Robin struggles with her interior “harmony of the male and female” with respect to her vocation and life as a woman; Strike’s agony is that his mental-model for “male and female” interaction remains Leda Strike and Jonny Rokeby (Mags is spot on in her accusing Cormoran of being just like his old man in this regard); he cannot figure out how Robin, whom he admires, trusts, and acknowledges is his “best mate,” fits into the paradigm of a woman being useful, even necessary — a la Tolstoy via Dave Polworth — for free meals, healthcare, and 24/7 brothel services in exchange for financial security and fidelity.
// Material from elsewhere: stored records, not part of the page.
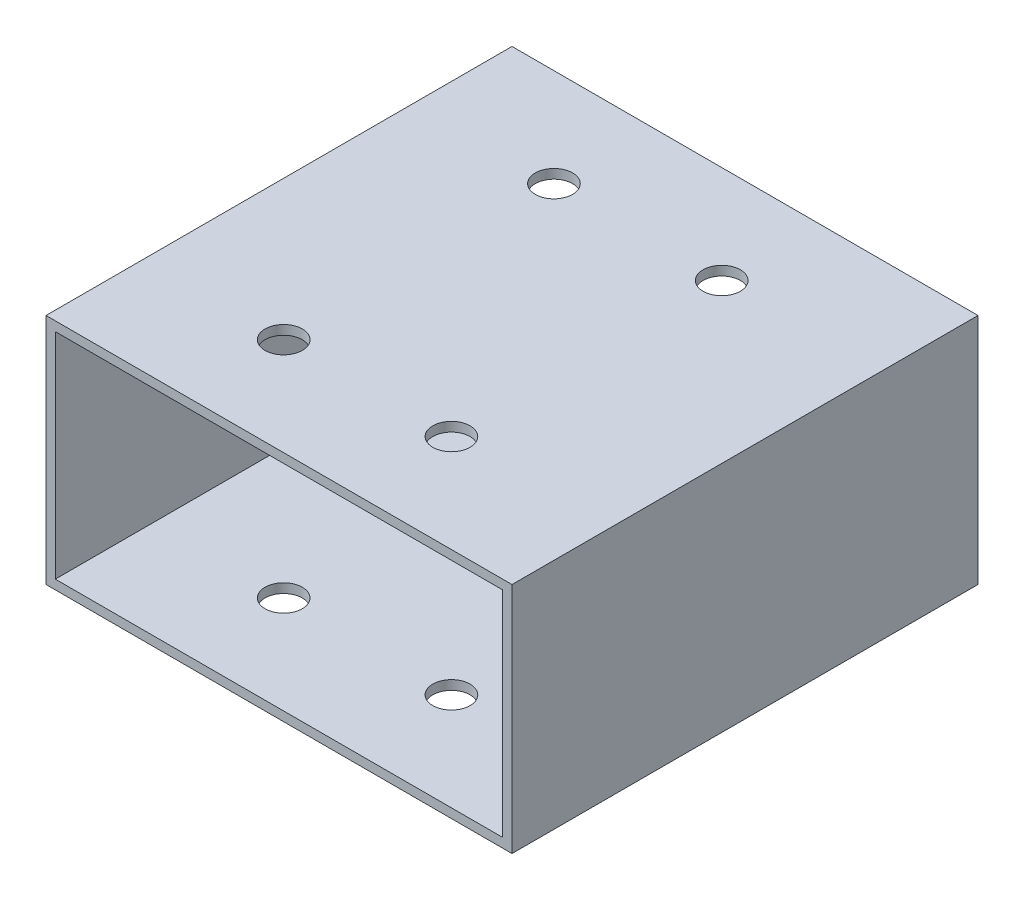
ISO-10303-21;
HEADER;
FILE_DESCRIPTION(('STEP AP214'),'2;1');
FILE_NAME('part.step','',(''),(''),'','','');
FILE_SCHEMA(('AUTOMOTIVE_DESIGN { 1 0 10303 214 1 1 1 1 }'));
ENDSEC;
DATA;
#1=APPLICATION_CONTEXT('core data for automotive mechanical design processes');
#2=APPLICATION_PROTOCOL_DEFINITION('international standard','automotive_design',2000,#1);
#3=PRODUCT_CONTEXT('',#1,'mechanical');
#4=PRODUCT('Part','Part','',(#3));
#5=PRODUCT_RELATED_PRODUCT_CATEGORY('part','',(#4));
#6=PRODUCT_DEFINITION_FORMATION('','',#4);
#7=PRODUCT_DEFINITION_CONTEXT('part definition',#1,'design');
#8=PRODUCT_DEFINITION('design','',#6,#7);
#9=PRODUCT_DEFINITION_SHAPE('','',#8);
#10=(LENGTH_UNIT() NAMED_UNIT(*) SI_UNIT(.MILLI.,.METRE.));
#11=(NAMED_UNIT(*) PLANE_ANGLE_UNIT() SI_UNIT($,.RADIAN.));
#12=(NAMED_UNIT(*) SI_UNIT($,.STERADIAN.) SOLID_ANGLE_UNIT());
#13=UNCERTAINTY_MEASURE_WITH_UNIT(LENGTH_MEASURE(1.E-05),#10,'distance_accuracy_value','');
#14=(GEOMETRIC_REPRESENTATION_CONTEXT(3) GLOBAL_UNCERTAINTY_ASSIGNED_CONTEXT((#13)) GLOBAL_UNIT_ASSIGNED_CONTEXT((#10,
#11,#12)) REPRESENTATION_CONTEXT('',''));
#15=CARTESIAN_POINT('',(0.,0.,0.));
#16=DIRECTION('',(0.,0.,1.));
#17=DIRECTION('',(1.,0.,0.));
#18=AXIS2_PLACEMENT_3D('',#15,#16,#17);
#19=CARTESIAN_POINT('',(0.,0.,50.));
#20=DIRECTION('',(0.,0.,-1.));
#21=DIRECTION('',(-1.,0.,0.));
#22=AXIS2_PLACEMENT_3D('',#19,#20,#21);
#23=PLANE('',#22);
#24=DIRECTION('',(0.,-1.,0.));
#25=VECTOR('',#24,1.);
#26=CARTESIAN_POINT('',(0.,0.,50.));
#27=LINE('',#26,#25);
#28=CARTESIAN_POINT('',(0.,25.,50.));
#29=VERTEX_POINT('',#28);
#30=CARTESIAN_POINT('',(0.,0.,50.));
#31=VERTEX_POINT('',#30);
#32=EDGE_CURVE('E158',#29,#31,#27,.T.);
#33=ORIENTED_EDGE('',*,*,#32,.T.);
#34=DIRECTION('',(1.,0.,0.));
#35=VECTOR('',#34,1.);
#36=CARTESIAN_POINT('',(0.,0.,50.));
#37=LINE('',#36,#35);
#38=CARTESIAN_POINT('',(50.,0.,50.));
#39=VERTEX_POINT('',#38);
#40=EDGE_CURVE('E162',#31,#39,#37,.T.);
#41=ORIENTED_EDGE('',*,*,#40,.T.);
#42=DIRECTION('',(0.,1.,0.));
#43=VECTOR('',#42,1.);
#44=CARTESIAN_POINT('',(50.,0.,50.));
#45=LINE('',#44,#43);
#46=CARTESIAN_POINT('',(50.,25.,50.));
#47=VERTEX_POINT('',#46);
#48=EDGE_CURVE('E166',#39,#47,#45,.T.);
#49=ORIENTED_EDGE('',*,*,#48,.T.);
#50=DIRECTION('',(-1.,0.,0.));
#51=VECTOR('',#50,1.);
#52=CARTESIAN_POINT('',(0.,25.,50.));
#53=LINE('',#52,#51);
#54=EDGE_CURVE('E169',#47,#29,#53,.T.);
#55=ORIENTED_EDGE('',*,*,#54,.T.);
#56=EDGE_LOOP('',(#33,#41,#49,#55));
#57=FACE_BOUND('',#56,.T.);
#58=DIRECTION('',(0.,-1.,0.));
#59=VECTOR('',#58,1.);
#60=CARTESIAN_POINT('',(1.,1.,50.));
#61=LINE('',#60,#59);
#62=CARTESIAN_POINT('',(1.,24.,50.));
#63=VERTEX_POINT('',#62);
#64=CARTESIAN_POINT('',(1.,1.,50.));
#65=VERTEX_POINT('',#64);
#66=EDGE_CURVE('E107',#63,#65,#61,.T.);
#67=ORIENTED_EDGE('',*,*,#66,.F.);
#68=DIRECTION('',(-1.,0.,0.));
#69=VECTOR('',#68,1.);
#70=CARTESIAN_POINT('',(1.,24.,50.));
#71=LINE('',#70,#69);
#72=CARTESIAN_POINT('',(49.,24.,50.));
#73=VERTEX_POINT('',#72);
#74=EDGE_CURVE('E135',#73,#63,#71,.T.);
#75=ORIENTED_EDGE('',*,*,#74,.F.);
#76=DIRECTION('',(0.,1.,0.));
#77=VECTOR('',#76,1.);
#78=CARTESIAN_POINT('',(49.,1.,50.));
#79=LINE('',#78,#77);
#80=CARTESIAN_POINT('',(49.,1.,50.));
#81=VERTEX_POINT('',#80);
#82=EDGE_CURVE('E129',#81,#73,#79,.T.);
#83=ORIENTED_EDGE('',*,*,#82,.F.);
#84=DIRECTION('',(1.,0.,0.));
#85=VECTOR('',#84,1.);
#86=CARTESIAN_POINT('',(1.,1.,50.));
#87=LINE('',#86,#85);
#88=EDGE_CURVE('E116',#65,#81,#87,.T.);
#89=ORIENTED_EDGE('',*,*,#88,.F.);
#90=EDGE_LOOP('',(#67,#75,#83,#89));
#91=FACE_BOUND('',#90,.T.);
#92=ADVANCED_FACE('F39',(#57,#91),#23,.F.);
#93=CARTESIAN_POINT('',(0.,0.,0.));
#94=DIRECTION('',(0.,0.,-1.));
#95=DIRECTION('',(-1.,0.,0.));
#96=AXIS2_PLACEMENT_3D('',#93,#94,#95);
#97=PLANE('',#96);
#98=DIRECTION('',(0.,-1.,0.));
#99=VECTOR('',#98,1.);
#100=CARTESIAN_POINT('',(0.,0.,0.));
#101=LINE('',#100,#99);
#102=CARTESIAN_POINT('',(0.,25.,0.));
#103=VERTEX_POINT('',#102);
#104=CARTESIAN_POINT('',(0.,0.,0.));
#105=VERTEX_POINT('',#104);
#106=EDGE_CURVE('E125',#103,#105,#101,.T.);
#107=ORIENTED_EDGE('',*,*,#106,.F.);
#108=DIRECTION('',(-1.,0.,0.));
#109=VECTOR('',#108,1.);
#110=CARTESIAN_POINT('',(0.,25.,0.));
#111=LINE('',#110,#109);
#112=CARTESIAN_POINT('',(50.,25.,0.));
#113=VERTEX_POINT('',#112);
#114=EDGE_CURVE('E163',#113,#103,#111,.T.);
#115=ORIENTED_EDGE('',*,*,#114,.F.);
#116=DIRECTION('',(0.,1.,0.));
#117=VECTOR('',#116,1.);
#118=CARTESIAN_POINT('',(50.,0.,0.));
#119=LINE('',#118,#117);
#120=CARTESIAN_POINT('',(50.,0.,0.));
#121=VERTEX_POINT('',#120);
#122=EDGE_CURVE('E179',#121,#113,#119,.T.);
#123=ORIENTED_EDGE('',*,*,#122,.F.);
#124=DIRECTION('',(1.,0.,0.));
#125=VECTOR('',#124,1.);
#126=CARTESIAN_POINT('',(0.,0.,0.));
#127=LINE('',#126,#125);
#128=EDGE_CURVE('E176',#105,#121,#127,.T.);
#129=ORIENTED_EDGE('',*,*,#128,.F.);
#130=EDGE_LOOP('',(#107,#115,#123,#129));
#131=FACE_BOUND('',#130,.T.);
#132=DIRECTION('',(-1.,0.,0.));
#133=VECTOR('',#132,1.);
#134=CARTESIAN_POINT('',(1.,24.,0.));
#135=LINE('',#134,#133);
#136=CARTESIAN_POINT('',(49.,24.,0.));
#137=VERTEX_POINT('',#136);
#138=CARTESIAN_POINT('',(1.,24.,0.));
#139=VERTEX_POINT('',#138);
#140=EDGE_CURVE('E117',#137,#139,#135,.T.);
#141=ORIENTED_EDGE('',*,*,#140,.T.);
#142=DIRECTION('',(0.,-1.,0.));
#143=VECTOR('',#142,1.);
#144=CARTESIAN_POINT('',(1.,1.,0.));
#145=LINE('',#144,#143);
#146=CARTESIAN_POINT('',(1.,1.,0.));
#147=VERTEX_POINT('',#146);
#148=EDGE_CURVE('E65',#139,#147,#145,.T.);
#149=ORIENTED_EDGE('',*,*,#148,.T.);
#150=DIRECTION('',(1.,0.,0.));
#151=VECTOR('',#150,1.);
#152=CARTESIAN_POINT('',(1.,1.,0.));
#153=LINE('',#152,#151);
#154=CARTESIAN_POINT('',(49.,1.,0.));
#155=VERTEX_POINT('',#154);
#156=EDGE_CURVE('E123',#147,#155,#153,.T.);
#157=ORIENTED_EDGE('',*,*,#156,.T.);
#158=DIRECTION('',(0.,1.,0.));
#159=VECTOR('',#158,1.);
#160=CARTESIAN_POINT('',(49.,1.,0.));
#161=LINE('',#160,#159);
#162=EDGE_CURVE('E145',#155,#137,#161,.T.);
#163=ORIENTED_EDGE('',*,*,#162,.T.);
#164=EDGE_LOOP('',(#141,#149,#157,#163));
#165=FACE_BOUND('',#164,.T.);
#166=ADVANCED_FACE('F257',(#131,#165),#97,.T.);
#167=CARTESIAN_POINT('',(0.,0.,50.));
#168=DIRECTION('',(1.,0.,0.));
#169=DIRECTION('',(0.,0.,-1.));
#170=AXIS2_PLACEMENT_3D('',#167,#168,#169);
#171=PLANE('',#170);
#172=ORIENTED_EDGE('',*,*,#106,.T.);
#173=DIRECTION('',(0.,0.,-1.));
#174=VECTOR('',#173,1.);
#175=CARTESIAN_POINT('',(0.,0.,50.));
#176=LINE('',#175,#174);
#177=EDGE_CURVE('E11',#31,#105,#176,.T.);
#178=ORIENTED_EDGE('',*,*,#177,.F.);
#179=ORIENTED_EDGE('',*,*,#32,.F.);
#180=DIRECTION('',(0.,0.,-1.));
#181=VECTOR('',#180,1.);
#182=CARTESIAN_POINT('',(0.,25.,50.));
#183=LINE('',#182,#181);
#184=EDGE_CURVE('E172',#29,#103,#183,.T.);
#185=ORIENTED_EDGE('',*,*,#184,.T.);
#186=EDGE_LOOP('',(#172,#178,#179,#185));
#187=FACE_BOUND('',#186,.T.);
#188=ADVANCED_FACE('F41',(#187),#171,.F.);
#189=CARTESIAN_POINT('',(0.,0.,50.));
#190=DIRECTION('',(0.,1.,0.));
#191=DIRECTION('',(0.,0.,1.));
#192=AXIS2_PLACEMENT_3D('',#189,#190,#191);
#193=PLANE('',#192);
#194=CARTESIAN_POINT('',(15.0000000000009,0.,39.5000000000096));
#195=DIRECTION('',(0.,1.,0.));
#196=DIRECTION('',(0.,0.,1.));
#197=AXIS2_PLACEMENT_3D('',#194,#195,#196);
#198=CIRCLE('',#197,2.);
#199=CARTESIAN_POINT('',(15.0000000000009,0.,41.5000000000096));
#200=VERTEX_POINT('',#199);
#201=EDGE_CURVE('E143',#200,#200,#198,.T.);
#202=ORIENTED_EDGE('',*,*,#201,.T.);
#203=EDGE_LOOP('',(#202));
#204=FACE_BOUND('',#203,.T.);
#205=CARTESIAN_POINT('',(33.0000000000009,0.,39.5000000000096));
#206=DIRECTION('',(0.,1.,0.));
#207=DIRECTION('',(0.,0.,1.));
#208=AXIS2_PLACEMENT_3D('',#205,#206,#207);
#209=CIRCLE('',#208,2.);
#210=CARTESIAN_POINT('',(33.0000000000009,0.,41.5000000000096));
#211=VERTEX_POINT('',#210);
#212=EDGE_CURVE('E215',#211,#211,#209,.T.);
#213=ORIENTED_EDGE('',*,*,#212,.T.);
#214=EDGE_LOOP('',(#213));
#215=FACE_BOUND('',#214,.T.);
#216=CARTESIAN_POINT('',(33.0000000000009,0.,10.5000000000096));
#217=DIRECTION('',(0.,1.,0.));
#218=DIRECTION('',(0.,0.,1.));
#219=AXIS2_PLACEMENT_3D('',#216,#217,#218);
#220=CIRCLE('',#219,2.);
#221=CARTESIAN_POINT('',(33.0000000000009,0.,12.5000000000096));
#222=VERTEX_POINT('',#221);
#223=EDGE_CURVE('E209',#222,#222,#220,.T.);
#224=ORIENTED_EDGE('',*,*,#223,.T.);
#225=EDGE_LOOP('',(#224));
#226=FACE_BOUND('',#225,.T.);
#227=CARTESIAN_POINT('',(15.0000000000009,0.,10.5000000000096));
#228=DIRECTION('',(0.,1.,0.));
#229=DIRECTION('',(0.,0.,1.));
#230=AXIS2_PLACEMENT_3D('',#227,#228,#229);
#231=CIRCLE('',#230,2.);
#232=CARTESIAN_POINT('',(15.0000000000009,0.,12.5000000000096));
#233=VERTEX_POINT('',#232);
#234=EDGE_CURVE('E204',#233,#233,#231,.T.);
#235=ORIENTED_EDGE('',*,*,#234,.T.);
#236=EDGE_LOOP('',(#235));
#237=FACE_BOUND('',#236,.T.);
#238=ORIENTED_EDGE('',*,*,#128,.T.);
#239=DIRECTION('',(0.,0.,-1.));
#240=VECTOR('',#239,1.);
#241=CARTESIAN_POINT('',(50.,0.,50.));
#242=LINE('',#241,#240);
#243=EDGE_CURVE('E49',#39,#121,#242,.T.);
#244=ORIENTED_EDGE('',*,*,#243,.F.);
#245=ORIENTED_EDGE('',*,*,#40,.F.);
#246=ORIENTED_EDGE('',*,*,#177,.T.);
#247=EDGE_LOOP('',(#238,#244,#245,#246));
#248=FACE_BOUND('',#247,.T.);
#249=ADVANCED_FACE('F236',(#204,#215,#226,#237,#248),#193,.F.);
#250=CARTESIAN_POINT('',(50.,0.,50.));
#251=DIRECTION('',(-1.,0.,0.));
#252=DIRECTION('',(0.,0.,1.));
#253=AXIS2_PLACEMENT_3D('',#250,#251,#252);
#254=PLANE('',#253);
#255=ORIENTED_EDGE('',*,*,#122,.T.);
#256=DIRECTION('',(0.,0.,-1.));
#257=VECTOR('',#256,1.);
#258=CARTESIAN_POINT('',(50.,25.,50.));
#259=LINE('',#258,#257);
#260=EDGE_CURVE('E187',#47,#113,#259,.T.);
#261=ORIENTED_EDGE('',*,*,#260,.F.);
#262=ORIENTED_EDGE('',*,*,#48,.F.);
#263=ORIENTED_EDGE('',*,*,#243,.T.);
#264=EDGE_LOOP('',(#255,#261,#262,#263));
#265=FACE_BOUND('',#264,.T.);
#266=ADVANCED_FACE('F271',(#265),#254,.F.);
#267=CARTESIAN_POINT('',(0.,25.,50.));
#268=DIRECTION('',(0.,-1.,0.));
#269=DIRECTION('',(0.,0.,-1.));
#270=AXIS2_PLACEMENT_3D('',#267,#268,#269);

He is something of a rake or cad in this regard, alas, as Lorelei spelled out most explicitly at the story-turn in Lethal White.

Whence the Aleister Crowley backdrop to Troubled Blood, from the Laemington Spa connection with Paul Satchwell to the Thoth tarot card deck and Talbot’s obsession with him. Crowley’s ‘Thelema’ idea of love is the antithesis of the Christian conception, as contrary as “Do What Thou Wilt” is to “Not My Will but Thy Will Be Done.” His ‘Babalon’ woman is Crowley’s occult partner in pleasure and power not self-transcendence in what is most real, the Logos fabric of Reality.

Cormoran’s’s journey in Strike5 as the Red-Crosse Knight with Robin/Una from this kind of delusion to a victory over Duessa/Janice and the Dionysian Creed/Dragon is the beginning of his passage from a disciple of Eros to a devotee of Anteros, a man worthy of the semi-divine Psyche, Robin Ellacott. And that is the difference between the love in the Two of Cups figures and the chalice held by Lust, Babalon, the Mother of Abomination.

Talbot’s blind-spot is not to the psychic realm and occult entrances to it; his prejudices are what blind him to the meaning of the card spreads and astrological chart he made to solve the Bamborough case. Strike chides himself for not getting to Janice sooner as a suspect; he thinks that it was only his prejudice in favor of nurses that kept him from seeing all the clues and what connected all the “coincidences” in the case. I think Rowling-Galbraith included an astrological chart and this ten card spread to alert the attentive reader to the fact that his much greater prejudice or blind-spot is with respect to the immaterial, immortal soul and the symbolic nature of reality, which is to say, its origin in metaphysical planes rather than the world of measurable quantities and ratiocination.

Card three in Talbot’s Celtic Cross spread is a Major Trump card, the High Priestess. Coming up next!

 

Comments

  1. In my brief researches into the occult-religion of Aleister Crowley, I stumbled upon its connection with The Hellfire Club.

    Remember the meeting with the Minister, Jasper Chiswell, in ‘Lethal White’? The one at the Gentleman’s Club for lunch to discuss the Strike Agency digging up dirt on his enemies?

    What about the liquid lunch that Jerry and Cormoran enjoy (?) at Simpson’s-in-the-Strand in ‘The Silkworm’? The Groucho Club and Fancourt?

    This is just a post-post note to suggest that ‘Running Grave’ might include an Crowley-esque ‘Club’ a la Medmenham Abbey or the Hellfire Caves somewhere in Norfolk, perhaps a place that Rokeby frequented back in the day.

    A trip underground, especially to an occultish lair “miles beneath” a church, seems a great place to finish Strike7, no?

  2. Very O’Doyle in some ways. Reminds me of Houdini: The Making of America’s First Superhero.